When language tests are used in different contexts and different subjects it is hard to 
predict their validity and fairness (Kane, 2010). It is true that the global demands brought by 
the Bologna Process (1999) involve greater mobility for workers and students, and thus the 
need to assess their language competence especially speaking mostly by standardized tests 
that can be used to obtain adequate inferences and to improve the teaching of foreign 
languages in high school.
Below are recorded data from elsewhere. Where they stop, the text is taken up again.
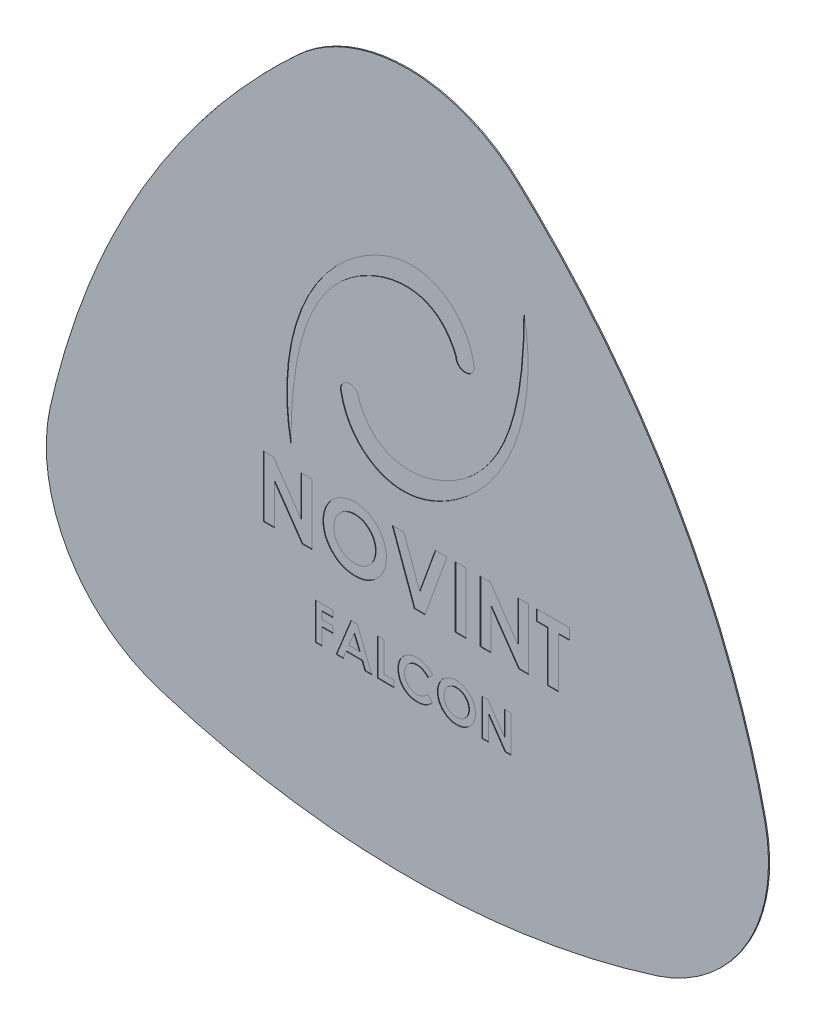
from build123d import *

# Parameters (mm, degrees)
BOSS_EXTRU_1_DEPTH      = 0.1
ESQUISSE2_W             = 0.949786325
ESQUISSE2_H             = 5.291666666
ENL_V_MAT_EXTRU_1_DEPTH = 0.05


with BuildPart() as part:
    # Esquisse1 → Boss.-Extru.1 (new body)
    with BuildSketch(Plane.XY):
        with BuildLine():
            add(Edge.make_bspline(
                [(-1e-09, 149.24999609), (-0.191850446, 149.24999609), (-0.482364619, 149.243335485), (-0.867074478, 149.224895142), (-1.226953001, 149.197576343), (-1.4756996, 149.17264382), (-2.335764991, 149.073184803), (-3.782534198, 148.789769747), (-5.861487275, 148.027713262), (-7.786555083, 146.953586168), (-8.931190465, 146.055192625), (-11.331736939, 143.853967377), (-14.902289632, 140.213201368), (-19.645187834, 134.211789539), (-23.694561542, 127.786555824), (-25.897789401, 123.306060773), (-27.336180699, 119.958079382), (-28.163686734, 117.888667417), (-29.22369016, 114.851682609), (-30.156854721, 111.736774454), (-30.717891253, 109.499484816), (-31.122190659, 107.678790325), (-31.330703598, 106.361173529), (-31.340210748, 104.086200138), (-30.931592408, 101.683245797), (-30.399513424, 100.200966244), (-29.691086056, 98.620921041), (-28.652755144, 96.82672784), (-26.480377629, 94.510099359), (-23.992041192, 92.832431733), (-22.329167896, 92.149511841), (-18.980834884, 91.095060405), (-13.920092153, 89.812269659), (-6.402453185, 88.742298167), (1.048127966, 88.467263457), (5.97213689, 88.793825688), (9.590770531, 89.222132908), (11.796687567, 89.540197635), (14.956796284, 90.140700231), (18.120969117, 90.890010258), (20.339037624, 91.522783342), (22.117955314, 92.082997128), (23.363301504, 92.561228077), (25.338239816, 93.69048138), (27.214950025, 95.245832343), (28.232602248, 96.44776599), (29.246747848, 97.85130469), (30.281399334, 99.64762231), (31.201469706, 102.687270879), (31.410204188, 105.681067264), (31.170193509, 107.462617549), (30.40920889, 110.889584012), (28.989767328, 115.913709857), (26.15757147, 122.95915997), (22.6704695, 129.549068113), (19.925655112, 133.650102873), (17.745414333, 136.569777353), (16.393454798, 138.286363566), (14.353006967, 140.66103418), (12.153490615, 143.002727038), (10.465282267, 144.648478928), (9.002860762, 145.989473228), (8.196777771, 146.647430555), (6.779267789, 147.523256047), (5.532000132, 148.137786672), (4.130695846, 148.655600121), (2.668501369, 149.019742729), (1.260112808, 149.215145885), (0.404132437, 149.24999609), (-1e-09, 149.24999609)],
                knots=[0, 0, 0, 0, 0.00212313, 0.00424626, 0.00636939, 0.00849252, 0.00849252, 0.020144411, 0.031796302, 0.043448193, 0.055100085, 0.055100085, 0.096158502, 0.13721692, 0.178275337, 0.219333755, 0.219333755, 0.238888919, 0.258444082, 0.277999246, 0.29755441, 0.29755441, 0.307312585, 0.31707076, 0.326828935, 0.33658711, 0.33658711, 0.349548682, 0.362510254, 0.375471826, 0.388433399, 0.388433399, 0.42949182, 0.470550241, 0.511608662, 0.552667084, 0.552667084, 0.572222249, 0.591777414, 0.61133258, 0.630887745, 0.630887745, 0.64064592, 0.650404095, 0.66016227, 0.669920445, 0.669920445, 0.682882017, 0.69584359, 0.708805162, 0.721766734, 0.721766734, 0.762825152, 0.803883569, 0.844941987, 0.886000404, 0.886000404, 0.905555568, 0.925110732, 0.944665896, 0.964221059, 0.964221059, 0.973165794, 0.977638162, 0.98211053, 0.986582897, 0.991055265, 0.995527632, 1, 1, 1, 1], degree=3))
        make_face()
    extrude(amount=BOSS_EXTRU_1_DEPTH)

    # Esquisse2 → Enl_v. mat.-Extru.1 (cut)
    # profile 1 of 14: a face of its own
    with BuildSketch(Plane.XY.offset(0.1)):
        with BuildLine():
            ThreePointArc((4.192087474, 129.730182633), (5.001196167, 128.92107394), (5.81030486, 129.730182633))
            add(Edge.make_bspline(
                [(5.81030486, 129.730182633), (5.24876425, 132.874810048), (1.202437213, 135.862486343), (-9.144004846, 131.067571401), (-11.280594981, 122.065551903), (-10.102166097, 115.975334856)],
                knots=[0, 0, 0, 0, 0.231487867, 0.40741182, 1, 1, 1, 1], degree=3))
            add(Edge.make_bspline(
                [(-10.102166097, 115.975334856), (-10.082531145, 120.896953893), (-9.155824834, 131.836487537), (2.42257833, 134.141709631), (4.192087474, 129.730182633)],
                knots=[0, 0, 0, 0, 0.598512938, 1, 1, 1, 1], degree=3))
        make_face()
    # profile 2 of 14: a face of its own
    with BuildSketch(Plane.XY.offset(0.1)):
        with BuildLine():
            ThreePointArc((-4.192087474, 122.269817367), (-5.001196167, 123.07892606), (-5.81030486, 122.269817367))
            add(Edge.make_bspline(
                [(-5.81030486, 122.269817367), (-5.24876425, 119.125189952), (-1.202437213, 116.137513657), (9.144004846, 120.932428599), (11.280594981, 129.934448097), (10.102166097, 136.024665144)],
                knots=[0, 0, 0, 0, 0.231487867, 0.40741182, 1, 1, 1, 1], degree=3))
            add(Edge.make_bspline(
                [(10.102166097, 136.024665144), (10.082531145, 131.103046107), (9.155824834, 120.163512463), (-2.42257833, 117.858290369), (-4.192087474, 122.269817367)],
                knots=[0, 0, 0, 0, 0.598512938, 1, 1, 1, 1], degree=3))
        make_face()
    # profile 3 of 14: a face of its own
    with BuildSketch(Plane.XY.offset(0.1)):
        Polygon((-7.982571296, 105.350933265), (-6.435776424, 105.350933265), (-6.435776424, 104.781061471), (-7.412699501, 104.781061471), (-7.412699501, 104.170484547), (-6.435776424, 104.170484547), (-6.435776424, 103.600612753), (-7.412699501, 103.600612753), (-7.412699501, 102.175933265), (-7.982571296, 102.175933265), align=None)
    # profile 4 of 14: a face of its own
    with BuildSketch(Plane.XY.offset(0.1)):
        Polygon((-4.888345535, 105.350933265), (-4.359814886, 105.350933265), (-3.077603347, 102.175933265), (-3.686272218, 102.175933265), (-3.933047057, 102.827215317), (-5.316385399, 102.827215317), (-5.563160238, 102.175933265), (-6.171193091, 102.175933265), align=None)
        Polygon((-4.624398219, 104.499305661), (-5.100139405, 103.397087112), (-4.148657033, 103.397087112), align=None, mode=Mode.SUBTRACT)
    # profile 5 of 14: a face of its own
    with BuildSketch(Plane.XY.offset(0.1)):
        Polygon((-2.609494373, 105.350933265), (-2.039622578, 105.350933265), (-2.039622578, 102.74580506), (-1.144109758, 102.74580506), (-1.144109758, 102.175933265), (-2.609494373, 102.175933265), align=None)
    # profile 6 of 14: a face of its own
    with BuildSketch(Plane.XY.offset(0.1)):
        with BuildLine():
            Line((2.193710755, 104.800141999), (1.775847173, 104.400722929))
            add(Edge.make_bspline(
                [(1.775847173, 104.400722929), (1.74040058, 104.437374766), (1.671162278, 104.508967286), (1.559593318, 104.603749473), (1.443565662, 104.682737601), (1.325336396, 104.7492609), (1.202778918, 104.799590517), (1.077310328, 104.836266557), (0.94812947, 104.858626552), (0.860704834, 104.861184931), (0.81673259, 104.862471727)],
                knots=[0, 0, 0, 0, 1.115251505, 2.178435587, 3.19620269, 4.182487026, 5.141301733, 6.088180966, 7.038406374, 8, 8, 8, 8], degree=3))
            add(Edge.make_bspline(
                [(0.81673259, 104.862471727), (0.780010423, 104.861455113), (0.707543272, 104.859448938), (0.601142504, 104.844741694), (0.499364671, 104.819731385), (0.40186137, 104.785262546), (0.30891951, 104.740661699), (0.220344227, 104.685963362), (0.136353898, 104.62166154), (0.058057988, 104.548088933), (-0.013564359, 104.467705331), (-0.076847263, 104.38193622), (-0.129856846, 104.290978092), (-0.173360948, 104.195752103), (-0.207248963, 104.095817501), (-0.231449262, 103.991241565), (-0.245446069, 103.881899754), (-0.247535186, 103.807570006), (-0.248596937, 103.769793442)],
                knots=[0, 0, 0, 0, 1.035432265, 2.043311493, 3.022114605, 3.98653278, 4.95457646, 5.923598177, 6.917315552, 7.932509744, 8.948865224, 9.949768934, 10.933144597, 11.912367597, 12.897413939, 13.903909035, 14.934704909, 16, 16, 16, 16], degree=3))
            add(Edge.make_bspline(
                [(-0.248596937, 103.769793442), (-0.248290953, 103.743279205), (-0.247687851, 103.691019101), (-0.241085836, 103.613711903), (-0.230455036, 103.538705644), (-0.215069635, 103.466113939), (-0.195830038, 103.39587388), (-0.173257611, 103.327379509), (-0.144940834, 103.261577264), (-0.113508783, 103.197702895), (-0.076953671, 103.137499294), (-0.037540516, 103.080090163), (0.005196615, 103.025756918), (0.051534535, 102.974721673), (0.10212539, 102.927781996), (0.155661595, 102.883526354), (0.213046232, 102.843062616), (0.273087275, 102.805375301), (0.336303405, 102.772636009), (0.40097942, 102.742980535), (0.46809594, 102.718895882), (0.53683578, 102.699481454), (0.606953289, 102.682972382), (0.679134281, 102.67280724), (0.752753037, 102.665109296), (0.802506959, 102.664633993), (0.82754489, 102.664394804)],
                knots=[0, 0, 0, 0, 1.103660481, 2.175337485, 3.227646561, 4.255952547, 5.262355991, 6.258840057, 7.255597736, 8.242457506, 9.22035537, 10.185017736, 11.140346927, 12.096287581, 13.051739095, 14.01125915, 14.986044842, 15.97314143, 16.960198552, 17.947847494, 18.933482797, 19.925264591, 20.920966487, 21.929612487, 22.958107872, 24, 24, 24, 24], degree=3))
            add(Edge.make_bspline(
                [(0.82754489, 102.664394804), (0.870013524, 102.665623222), (0.953453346, 102.668036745), (1.075913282, 102.686910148), (1.192605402, 102.71795583), (1.285841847, 102.754618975), (1.358890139, 102.790824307), (1.414500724, 102.824312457), (1.472006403, 102.861772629), (1.530452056, 102.90461861), (1.590495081, 102.952336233), (1.651075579, 103.005970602), (1.713744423, 103.063755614), (1.754798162, 103.104997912), (1.775847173, 103.126143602)],
                knots=[0, 0, 0, 0, 1.404581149, 2.759636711, 4.088442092, 5.392261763, 6.066678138, 6.783632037, 7.538459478, 8.336747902, 9.180226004, 10.074962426, 11.012997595, 12, 12, 12, 12], degree=3))
            Line((1.775847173, 103.126143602), (2.180990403, 102.700647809))
            add(Edge.make_bspline(
                [(2.180990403, 102.700647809), (2.152511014, 102.673151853), (2.096925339, 102.619485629), (2.013075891, 102.543284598), (1.92933197, 102.4748095), (1.847716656, 102.411574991), (1.766893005, 102.355423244), (1.686869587, 102.30629818), (1.608552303, 102.262957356), (1.53031487, 102.226131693), (1.451670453, 102.19486288), (1.37075459, 102.167942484), (1.287319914, 102.145168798), (1.200856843, 102.126793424), (1.112171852, 102.112058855), (1.020434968, 102.102113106), (0.926227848, 102.09542691), (0.862325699, 102.0948261), (0.83008896, 102.094523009)],
                knots=[0, 0, 0, 0, 1.244526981, 2.429050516, 3.560637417, 4.644440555, 5.67424972, 6.652764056, 7.595344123, 8.486817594, 9.369275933, 10.254498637, 11.166417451, 12.086725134, 13.032340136, 13.991389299, 14.986715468, 16, 16, 16, 16], degree=3))
            add(Edge.make_bspline(
                [(0.83008896, 102.094523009), (0.770874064, 102.096032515), (0.655006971, 102.098986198), (0.485206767, 102.120870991), (0.323901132, 102.157560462), (0.170697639, 102.209449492), (0.025645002, 102.275735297), (-0.111219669, 102.356998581), (-0.239675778, 102.453023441), (-0.358685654, 102.562684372), (-0.466335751, 102.683795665), (-0.56148597, 102.813835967), (-0.640194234, 102.953444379), (-0.705547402, 103.10055844), (-0.75665272, 103.255849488), (-0.7926222, 103.419485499), (-0.814804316, 103.591308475), (-0.817231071, 103.708667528), (-0.818468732, 103.768521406)],
                knots=[0, 0, 0, 0, 1.078019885, 2.10938526, 3.111377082, 4.085535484, 5.04941344, 6.010039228, 6.978205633, 7.964457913, 8.951525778, 9.924444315, 10.892603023, 11.863865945, 12.85144698, 13.863884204, 14.910567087, 16, 16, 16, 16], degree=3))
            add(Edge.make_bspline(
                [(-0.818468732, 103.768521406), (-0.817945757, 103.807557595), (-0.816909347, 103.884917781), (-0.806016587, 103.998875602), (-0.790831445, 104.109964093), (-0.766741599, 104.217029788), (-0.737703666, 104.321515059), (-0.70159118, 104.422284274), (-0.65846182, 104.519627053), (-0.609705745, 104.613706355), (-0.554548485, 104.703905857), (-0.49293177, 104.789450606), (-0.426441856, 104.87100099), (-0.353481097, 104.947475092), (-0.275109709, 105.01954437), (-0.190973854, 105.086818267), (-0.101579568, 105.150261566), (-0.006684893, 105.208238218), (0.09186662, 105.260681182), (0.192831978, 105.306938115), (0.295963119, 105.34559826), (0.400823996, 105.377665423), (0.507857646, 105.401601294), (0.616300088, 105.419719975), (0.727074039, 105.429848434), (0.80144915, 105.431506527), (0.838993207, 105.432343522)],
                knots=[0, 0, 0, 0, 1.071919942, 2.124283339, 3.142214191, 4.149696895, 5.136002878, 6.119640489, 7.086990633, 8.058538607, 9.028339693, 9.988281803, 10.952401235, 11.916291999, 12.888973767, 13.874849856, 14.873389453, 15.898127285, 16.927174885, 17.938320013, 18.946391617, 19.950418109, 20.947802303, 21.956882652, 22.968648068, 24, 24, 24, 24], degree=3))
            add(Edge.make_bspline(
                [(0.838993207, 105.432343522), (0.871022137, 105.431863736), (0.934746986, 105.430909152), (1.02964398, 105.422951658), (1.123782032, 105.410454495), (1.216824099, 105.391598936), (1.309435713, 105.369215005), (1.400399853, 105.339906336), (1.491151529, 105.3072363), (1.580267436, 105.268185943), (1.667871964, 105.225558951), (1.751912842, 105.177197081), (1.833801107, 105.126076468), (1.911722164, 105.06917157), (1.987135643, 105.008546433), (2.059647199, 104.943918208), (2.128620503, 104.874209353), (2.171904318, 104.824955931), (2.193710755, 104.800141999)],
                knots=[0, 0, 0, 0, 0.996412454, 1.982464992, 2.961075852, 3.949442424, 4.934965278, 5.923860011, 6.921385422, 7.934793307, 8.949617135, 9.951082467, 10.950285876, 11.951772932, 12.951063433, 13.960125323, 14.972308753, 16, 16, 16, 16], degree=3))
        make_face()
    # profile 7 of 14: a face of its own
    with BuildSketch(Plane.XY.offset(0.1)):
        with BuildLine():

Furthennore, the education authorities seem to advocate for well- 
established examples of foreign language testing (such as TOEFL, IELTS, etc.) (Kohkhan, 
2012; Stoynoff, 2009; Zahedi & Shamsaee, 2012) or previously designed models (Kim & 
Craig, 2012) to meet that need, when considering changes in the current format. However, it 
is also evident that not all the test adaptations may be valid and a more in-depth analysis is 
required. The new test also needs to meet the adequate standards, as will be seen in the 
following sections of this paper. Not only that, the implementation of listening and speaking 
tasks in this criterion-referenced high stake test calls for an adequate calibration, in order to 
avoid negative implementation side effects. 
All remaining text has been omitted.